Because multielectrode arrays were employed, we were able to sample single-unit activity from several barrel-columns in each subject. Two representative examples are illustrated (Fig. 2Go) a normal rat (n. 39) and a whisker-paired rat (n. 40). The electrode array was inserted to sample neurons in cortical barrel-columns D1–D4 and in the intervening septa (Fig. 2AGo). Peristimulus time histograms (PSTHs) representing responses to stimulation of vibrissae D1–D4 were calculated for each sampled single unit. Then, for each electrode track, the PSTHs were averaged across units to gain a representative sample of the cortical column. These average PSTHs are plotted as grayscale-coded horizontal stripes (Fig. 2BGo). To show the distribution of activity, the average PSTHs from different electrodes are aligned one below the other. Beneath the average PSTHs, the total evoked response recorded at each electrode is shown as a bar plot (Fig. 2CGo).

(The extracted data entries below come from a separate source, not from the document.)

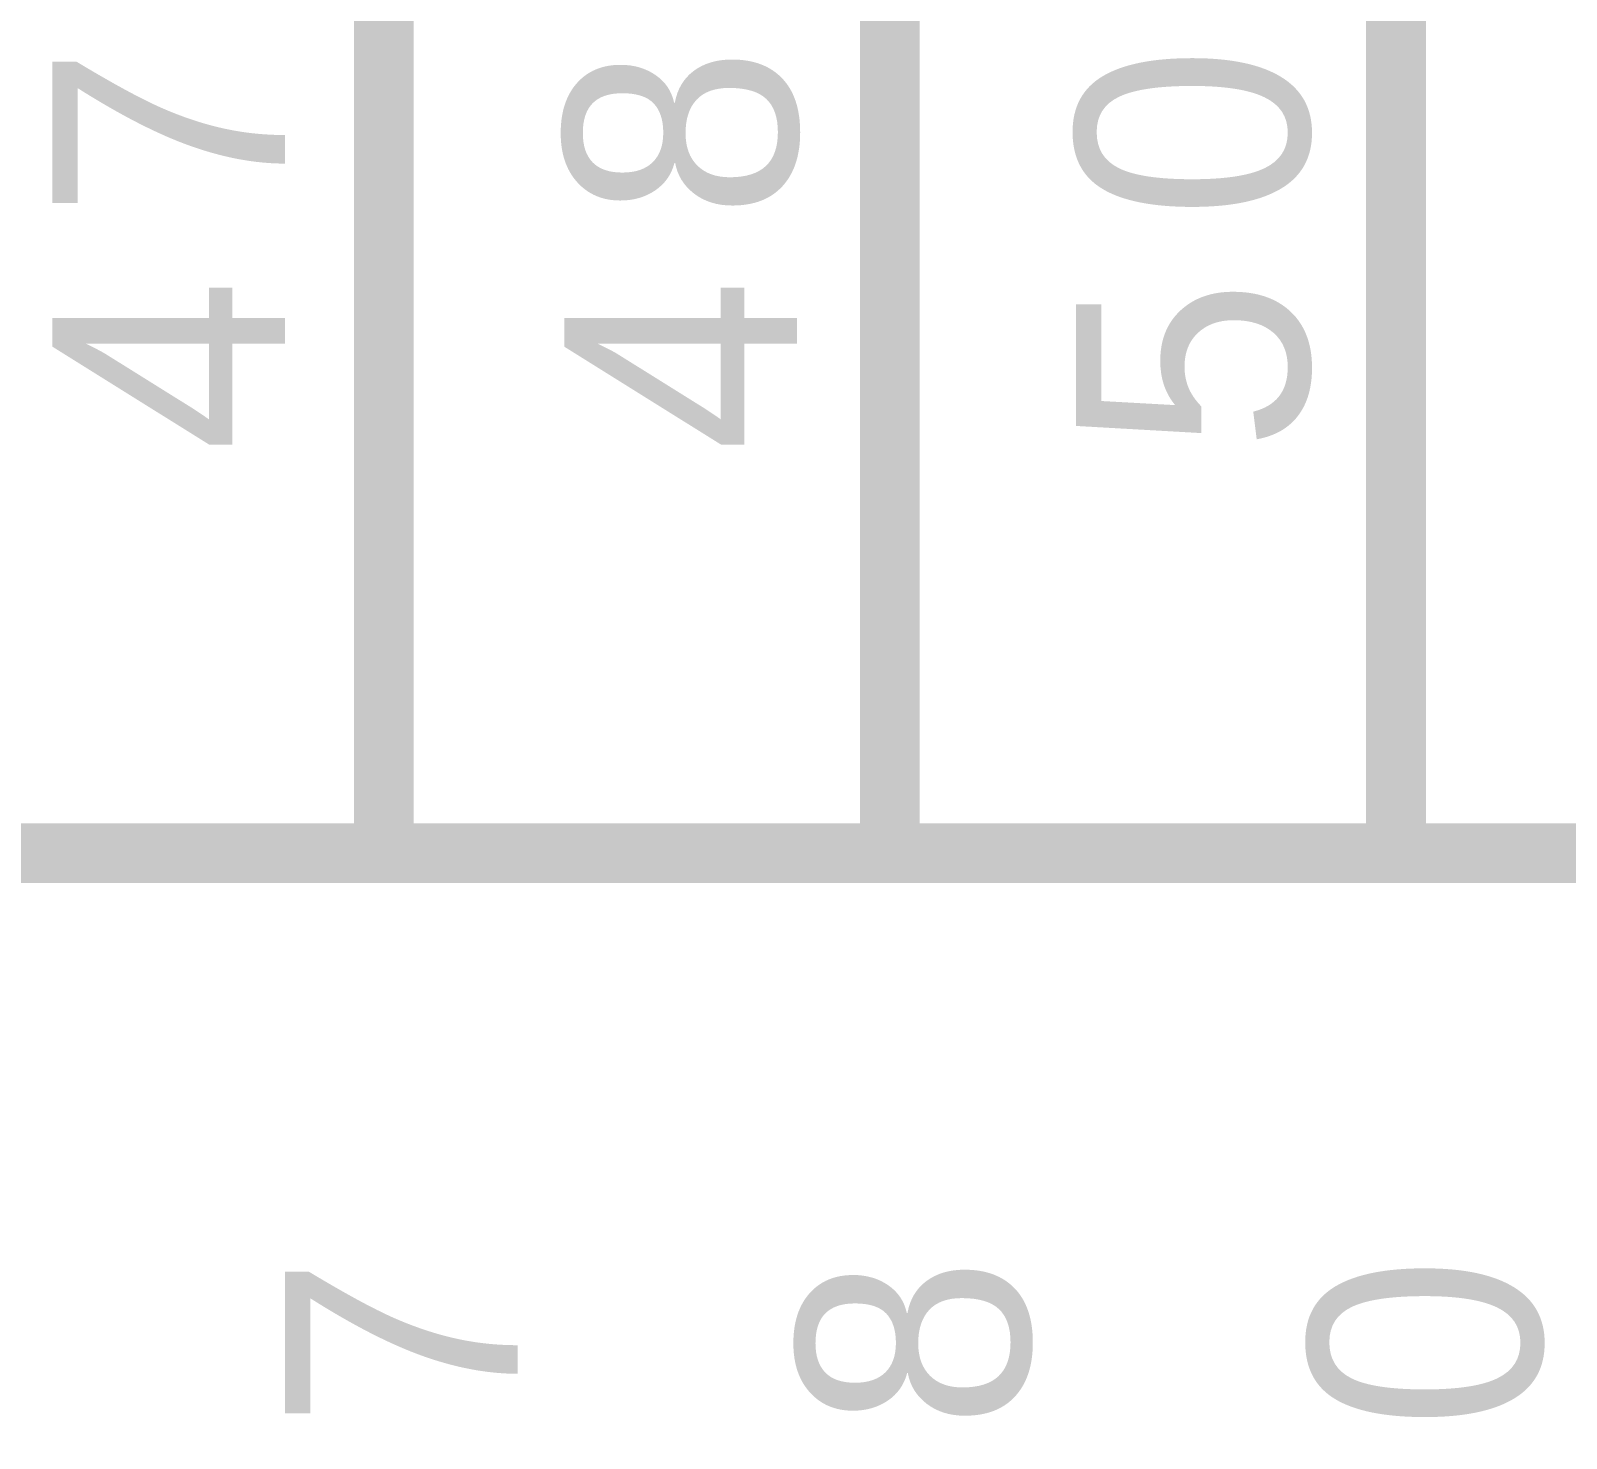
# Model space of a CAD drawing. Header units: inches. Extents: x 0 to 31.5, y 0 to 22.3.
# Drawn here: x 21.6296 to 21.9327, y 14.0839 to 14.3617 of the extents above; entities that cross this region are included whole.
import ezdxf

# ---------------------------------------------------------------- set-up
doc = ezdxf.new("R2010")
doc.units = ezdxf.units.IN
doc.header["$MEASUREMENT"] = 0
doc.layers.add('Sheet', color=255, linetype='Continuous')

msp = doc.modelspace()

# ---------------------------------------------------------------- linework, layer by layer
at = {"layer": 'Sheet'}
for points in [[(21.69931, 14.19937, 0.0118, 0.0118, 0), (21.69931, 14.39921, 0.0118, 0.0118, 0)], [(21.79921, 14.19937, 0.0118, 0.0118, 0), (21.79921, 14.39921, 0.0118, 0.0118, 0)], [(21.89911, 14.19937, 0.0118, 0.0118, 0), (21.89911, 14.39921, 0.0118, 0.0118, 0)]]:
    msp.add_lwpolyline(points, format="xyseb", dxfattribs=at)
for points in [[(19.99984, 14.19937, 0.0118, 0.0118, 0), (25.19816, 14.19937, 0.0118, 0.0118, 0), (25.19816, 10.7997, 0.0118, 0.0118, 0), (19.99984, 10.7997, 0.0118, 0.0118, 0), (19.99984, 14.19937, 0.0118, 0.0118, 0)], [(19.99984, 14.19937, 0.0039, 0.0039, 0), (19.99984, 10.7997, 0.0039, 0.0039, 0), (25.19816, 10.7997, 0.0039, 0.0039, 0), (25.19816, 14.19937, 0.0039, 0.0039, 0), (19.99984, 14.19937, 0.0039, 0.0039, 0), (19.99984, 14.19937, 0.0039, 0.0039, 0)]]:
    msp.add_lwpolyline(points, format="xyseb", close=True, dxfattribs=at)

# ---------------------------------------------------------------- texts
for s, p in [('7', (21.67979, 14.32456)), ('8', (21.78084, 14.32456)), ('0', (21.88189, 14.32456)), ('4', (21.67979, 14.27862)), ('4', (21.78084, 14.27862)), ('5', (21.88189, 14.27862)), ('7', (21.72572, 14.08566)), ('8', (21.82677, 14.08566)), ('0', (21.92782, 14.08566))]:
    msp.add_text(s, height=0.04594, rotation=90, dxfattribs=at).set_placement(p)

doc.saveas('drawing.dxf')
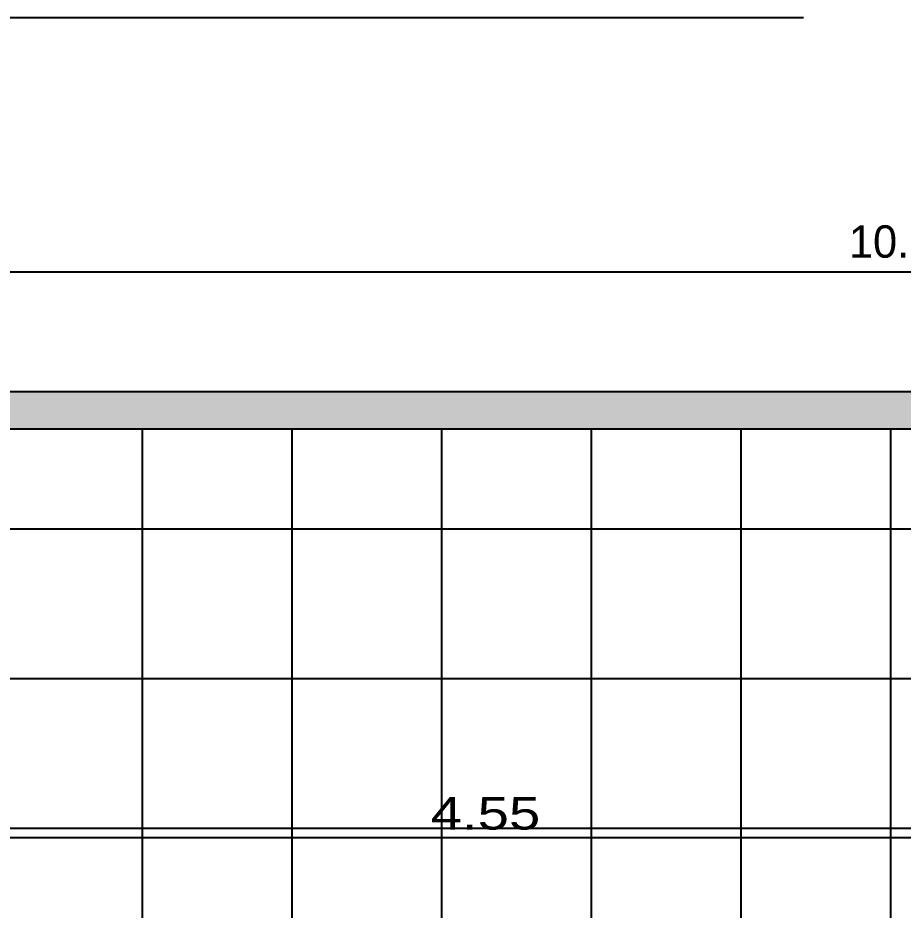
# Model space of a CAD drawing. Header units: inches. Extents: x 5.4 to 65.7, y -9.8 to 26.8.
# Drawn here: x 23.721 to 27.271, y 5.744 to 9.322 of the extents above; entities that cross this region are included whole.
import ezdxf

# ---------------------------------------------------------------- set-up
doc = ezdxf.new("R2010")
doc.units = ezdxf.units.IN
doc.header["$MEASUREMENT"] = 0
doc.linetypes.add('DASHED2', pattern=[0.375, 0.25, -0.125])
doc.layers.add('2', color=42, linetype='Continuous')
doc.styles.add('Padrão', font='TEMPSITC.TTF')
doc.styles.add('R80-50', font='REFSAN.TTF', dxfattribs={"width": 1.3, "height": 0.13})
doc.dimstyles.new('1-100', dxfattribs={"dimtxt": 0.13, "dimasz": 0.1, "dimexe": 0.1, "dimexo": 0.1, "dimgap": 0.05, "dimtad": 1, "dimzin": 4, "dimdsep": 46, "dimtxsty": 'Padrão', "dimblk1": 'OBLIQUE', "dimblk2": 'OBLIQUE', "dimsah": 1, "dimcen": 0, "dimdle": 0.1, "dimclrd": 256, "dimclre": 253, "dimclrt": 256, "dimadec": 0, "dimazin": 0, "dimtfac": 1, "dimtix": 1, "dimtmove": 2, "dimatfit": 3, "dimldrblk": 'OBLIQUE', "dimfxl": 1, "dimtolj": 1, "dimtzin": 0, "dimlwd": -1, "dimlwe": -1, "dimarcsym": 2})
doc.dimstyles.new('1-50', dxfattribs={"dimtxt": 0.13, "dimasz": 0.12, "dimexe": 0.25, "dimexo": 0.12, "dimgap": 0.03, "dimtad": 1, "dimzin": 5, "dimdsep": 46, "dimtxsty": 'R80-50', "dimblk": 'ARCHTICK', "dimcen": 0.06, "dimdle": 0.1, "dimclrd": 8, "dimclre": 8, "dimclrt": 256, "dimadec": 0, "dimazin": 0, "dimtfac": 1, "dimtix": 1, "dimtmove": 0, "dimatfit": 3, "dimfxl": 1, "dimtolj": 1, "dimtzin": 0, "dimarcsym": 0})

# ---------------------------------------------------------------- blocks, each defined once
blk = doc.blocks.new('_Oblique')
at = {"color": 0, "linetype": 'ByBlock', "lineweight": -2}
blk.add_line((-0.5, -0.5), (0.5, 0.5), dxfattribs=at)
blk = doc.blocks.new('*D32')
at = {"color": 253}
for p, q in [((21.8214, 7.7725), (21.8214, 8.4044)), ((32.7214, 7.7725), (32.7214, 8.4044))]:
    blk.add_line(p, q, dxfattribs=at)
blk.add_line((21.7214, 8.3044), (32.8214, 8.3044))
at = {"layer": 'DEFPOINTS', "color": 0}
for p in [(32.7214, 8.3044), (21.8214, 7.6725), (32.7214, 7.6725)]:
    blk.add_point(p, dxfattribs=at)
at = {"xscale": 0.1, "yscale": 0.1, "zscale": 0.1, "rotation": 180}
blk.add_blockref('_Oblique', (21.8214, 8.3044), dxfattribs=at)
at = {"xscale": 0.1, "yscale": 0.1, "zscale": 0.1}
blk.add_blockref('_Oblique', (32.7214, 8.3044), dxfattribs=at)
at = {"insert": (27.2714, 8.4246), "char_height": 0.13, "attachment_point": 5, "style": 'Padrão'}
blk.add_mtext('\\A1;10.90', dxfattribs=at)
blk = doc.blocks.new('_ArchTick')
at = {"color": 0, "linetype": 'ByBlock', "const_width": 0.15}
blk.add_lwpolyline([(-0.5, -0.5), (0.5, 0.5)], dxfattribs=at)
blk = doc.blocks.new('*D46')
at = {"color": 8, "lineweight": -2}
for p, q in [((27.8714, 5.9813), (27.8714, 6.2848)), ((23.2214, 6.0348), (27.9714, 6.0348)), ((23.3214, 5.9325), (23.3214, 5.7848))]:
    blk.add_line(p, q, dxfattribs=at)
at = {"layer": 'DEFPOINTS', "color": 0}
for p in [(23.3214, 6.0525), (27.8714, 6.0348), (27.8714, 5.8613)]:
    blk.add_point(p, dxfattribs=at)
at = {"color": 8, "lineweight": -2, "xscale": 0.12, "yscale": 0.12, "zscale": 0.12, "rotation": 180}
blk.add_blockref('_ArchTick', (23.3214, 6.0348), dxfattribs=at)
at = {"color": 8, "lineweight": -2, "xscale": 0.12, "yscale": 0.12, "zscale": 0.12}
blk.add_blockref('_ArchTick', (27.8714, 6.0348), dxfattribs=at)
at = {"insert": (25.5964, 6.1311), "char_height": 0.13, "attachment_point": 5, "style": 'R80-50'}
blk.add_mtext('\\A1;4.55', dxfattribs=at)

msp = doc.modelspace()

# ---------------------------------------------------------------- hatches: boundary and pattern name
h = msp.add_hatch(color=256)
edge = h.paths.add_edge_path()
edge.add_line((32.8714, 7.8225), (21.6714, 7.8225))
edge.add_line((21.6714, 7.8225), (21.6714, 1.9215))
edge.add_line((21.6714, 1.9215), (21.8214, 1.9215))
edge.add_line((21.8214, 1.9215), (21.8214, 3.5874))
edge.add_line((21.8214, 3.5874), (21.8208, 3.9597))
edge.add_line((21.8208, 3.9597), (21.8201, 4.3874))
edge.add_line((21.8201, 4.3874), (21.8214, 4.3874))
edge.add_line((21.8214, 4.3874), (21.8214, 6.4467))
edge.add_line((21.8214, 6.4467), (21.79, 6.4578))
edge.add_ellipse((22.0221, 5.2027), major_axis=(-0.9025, 0.9025), ratio=1, start_angle=324.0488, end_angle=325.4765, ccw=False)
edge.add_line((21.8214, 6.4634), (21.8214, 6.5352))
edge.add_ellipse((22.2292, 7.8821), major_axis=(-0.9951, 0.9951), ratio=1, start_angle=117.2569, end_angle=118.1528, ccw=False)
edge.add_line((21.8001, 6.5418), (21.8214, 6.5418))
edge.add_line((21.8214, 6.5418), (21.8214, 7.6725))
edge.add_line((21.8214, 7.6725), (22.3244, 7.6725))
edge.add_arc((22.2001, 7.6071), 0.1405, 27.7595, 45.8107)
edge.add_arc((22.2278, 7.5565), 0.1668, 44.0568, 65.0989, ccw=False)
edge.add_line((22.3477, 7.6725), (32.7214, 7.6725))
edge.add_line((32.7214, 7.6725), (32.7214, 7.5757))
edge.add_line((32.7214, 7.5757), (32.8714, 7.5757))
edge.add_line((32.8714, 7.5757), (32.8714, 7.8225))
at = {"layer": '2'}
h = msp.add_hatch(dxfattribs=at)
h.set_pattern_fill('_USER', color=32, scale=0.6, style=0, double=1, pattern_type=0)
h.set_pattern_definition([(0, (21.82137, -4.1275), (0, 0.6), []), (90, (21.82137, -4.1275), (-0.6, 0), [])])
h.paths.add_polyline_path([(32.7214, 7.6725), (23.3214, 7.6725), (23.3214, 6.0525), (21.8214, 6.0525), (21.8214, -2.3275), (24.8714, -2.3275), (24.8714, -4.1275), (27.7914, -4.1275), (27.7914, -4.049), (27.8714, -4.049), (27.8714, 6.2848), (32.7214, 6.3225)])

# ---------------------------------------------------------------- linework, layer by layer
at = {"linetype": 'DASHED2', "ltscale": 20}
msp.add_line((34.3714, 9.3225), (20.1714, 9.3225), dxfattribs=at)
for p, q in [((32.8714, 7.8225), (21.6714, 7.8225)), ((32.7214, 7.6725), (21.8214, 7.6725))]:
    msp.add_line(p, q)
msp.add_lwpolyline([(32.7214, 7.6725), (23.3214, 7.6725), (23.3214, 6.0525), (21.8214, 6.0525), (21.8214, -2.3275), (24.8714, -2.3275), (24.8714, -4.1275), (27.7914, -4.1275), (27.7914, -4.049), (27.8714, -4.049), (27.8714, 6.2848), (32.7214, 6.3225), (32.7214, 7.6725)])

# ---------------------------------------------------------------- dimensions: what is measured, and where the dimension line sits
for base, p1, p2, dimstyle, picture, middle in [((32.7214, 8.3044), (21.8214, 7.6725), (32.7214, 7.6725), '1-100', '*D32', (27.2714, 8.4246)), ((27.8714, 6.0348), (23.3214, 6.0525), (27.8714, 5.8613), '1-50', '*D46', (25.5964, 6.1311))]:
    dim = msp.add_linear_dim(base=base, p1=p1, p2=p2, dimstyle=dimstyle)
    dim.commit()
    dim.dimension.update_dxf_attribs({"geometry": picture, "text_midpoint": middle})

doc.saveas('drawing.dxf')

These analyses show that in the normal rat stimulation of one whisker evoked a strong response in its associated barrel-column and the septum surrounding that barrel-column, and a weaker response in neighboring barrel-columns. In the illustrated control subject, the response in barrel-column D1 to stimulation of whisker D1 (the principal whisker response) exceeded the principal whisker responses in barrel-columns D2–D4. This observation reflects a general tendency for the principal whisker responses to be stronger for caudal than for rostral barrel-columns, as noted later.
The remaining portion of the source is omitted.